January is a good time to test seed germination. Place 25 or so seeds on a damp paper towel, roll it up and keep it moist but not soaking. In a week to 10 days, check to see how many seeds germinated. If the percentage is low, order new seeds of that particular variety.

Here’s a possible twist on the germination test for some seeds: Use the test to grow microgreens.

A new book by Fionna Hill, “ Microgreens—how to grow nature’s own superfood,” (Firefly Books, 2010) is inspirational for such a venture.

Microgreens, explains Hill, are larger than sprouts but smaller than baby greens. They’re germinated seeds with, usually, their first two to four true leaves, the leaves that appear after the cotyledons (seed leaves).

The “superfood” part of the title refers to the high nutrient content of the product, not just minerals but health promoting compounds  such as sulforaphane in broccoli.

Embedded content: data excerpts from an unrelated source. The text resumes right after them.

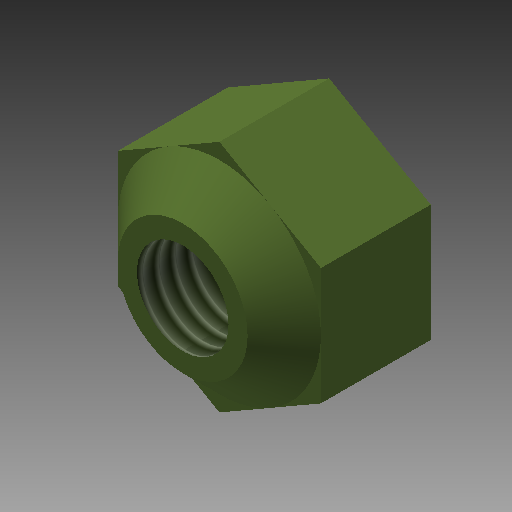
# Autodesk Inventor part: ナイロンナット
Saved by Autodesk Inventor 2017.3 (Build 213256000, 256)
## iProperties
Created: 2016-03-12
Part Number: ナイロンナット
Material: アルミニウム
Document SubType Name: Modeling
Designer: 大空
Density: 2.7 g/cm^3
Appearance: オリーブ グリーン
Mass: 0.206945 g
Surface Area: 1.38318 cm^2
Volume: 0.0766463 cm^3
Author: 大空
Autodesk Inventor part; units mm, degrees
ref_plane "YZ Plane" through (0, 0, 0) normal (1, 0, 0) x (0, 1, 0)
ref_plane "XZ Plane" through (0, 0, 0) normal (0, 1, 0) x (-1, 0, 0)
ref_plane "XY Plane" through (0, 0, 0) normal (0, 0, 1) x (1, 0, 0)
sketch "スケッチ1" plane through (0, 0, 0) normal (0, 0, 1) x (1, 0, 0)
  line L0 (0, -3.2) -> (-2.7713, -1.6)
  line L1 (-2.7713, -1.6) -> (-2.7713, 1.6)
  line L2 (-2.7713, 1.6) -> (0, 3.2)
  line L3 (0, 3.2) -> (2.7713, 1.6)
  line L4 (2.7713, 1.6) -> (2.7713, -1.6)
  line L5 (2.7713, -1.6) -> (0, -3.2)
  circle A0 centre (0, 0) radius 2.7713
  dimension "d0" = 6.4
  constraints: 12 end point, 2 coincident, 1 centre point, 13 other
  measures "d0" distance of L0.start L2.end
extrude "押し出し1" add sketch "スケッチ1" along normal blind 3
sketch "スケッチ2" plane through (0, 0, 3) normal (0, 0, 1) x (1, 0, 0)
  line L0 (-2.7713, -1.6) -> (0, -3.2) projected
  line L1 (0, -3.2) -> (2.7713, -1.6) projected
  line L2 (2.7713, -1.6) -> (2.7713, 1.6) projected
  line L3 (2.7713, 1.6) -> (0, 3.2) projected
  line L4 (0, 3.2) -> (-2.7713, 1.6) projected
  line L5 (-2.7713, 1.6) -> (-2.7713, -1.6) projected
  circle A0 centre (0, 0) radius 2.7713
  constraints: 1 centre point, 1 coincident, 1 tangent
extrude "押し出し2" add sketch "スケッチ2" along normal blind 1 contours A0
chamfer "面取り1" distance 1 angle 45 1 edges at (-2.7713, 0, 4)
sketch "スケッチ3" plane through (0, 0, 4) normal (0, 0, 1) x (1, 0, 0)
  circle A0 centre (0, 0) radius 1.7713 projected
  circle A1 centre (0, 0) radius 1.25
  dimension "d8" = 2.5
  constraints: 1 centre point, 1 coincident
  measures "d8" diameter of A1
extrude "押し出し3" cut sketch "スケッチ3" against normal blind 4 contours A1
thread "ねじ1" size "M2.5x0.45" class "6H" standard "ANSI Metric M Profile" full length

“It doesn’t take much space to grow microgreens,” says Hill. “They can be grown in the smallest of apartments, and in the densest of cities…. Most are ready in a week or so and you can grow them in winter.” She emphasizes the importance of buying seeds that have not been treated with a fungicide. She says to buy seed meant for sprouting, and to buy in bulk to save money. (So, your germination test will be just an introduction to growing microgreens.)

Hill grows her microgreens in a soil mix or soil substitute, her favorite for many seeds being pumice (ground-up volcanic rock). An inch and a half of substrate is enough for most seeds. She advises growing each variety in its own container, since different varieties germinate at different rates.

Generally, seeds are simply scattered on the surface of the substrate and gently pressed into it. Then, depending on the seed, they are covered with a fine layer of soil mix or a light, clean cotton or linen cloth (without looped pile) or paper towel. Hill keeps this setup moist by covering it with a shower cap or bowl cover.  Once seeds have sprouted, she removes the covering, keeps seedlings in bright light and keeps them moist.

All kinds of containers can be used to grow microgreens, as long as they have drainage holes in them. Hill has numerous beautiful photos of handsome, artistically arranged containers of microgreens, including bamboo steamer baskets.

Microgreens are cut with scissors at the base of the stem, leaving the roots behind, when they’re 3/4 to 2 inches tall, or seven to 21 days old, depending on the variety. They’re then rinsed, if necessary. Their flavors, generally stronger than those of sprouts, can enhance soups, salads, sandwiches and more; in fact, Hill ends her book with several recipes that use microgreens, including this tempting one: Strawberries with Basil Microgreens.

Hill lists crops that make good microgreens and talks about specific requirements for each. She also tells which plants not to grow for microgreens (tomatoes, for example). Among her suggestions to grow are amaranth, basil, beets, the cole crops — broccoli, cabbage, kale — cress, flax, mizuna and more.

Growing microgreens is a great winter, and year-round, project, and Hill’s book offers inspiration and enough detail to help you succeed.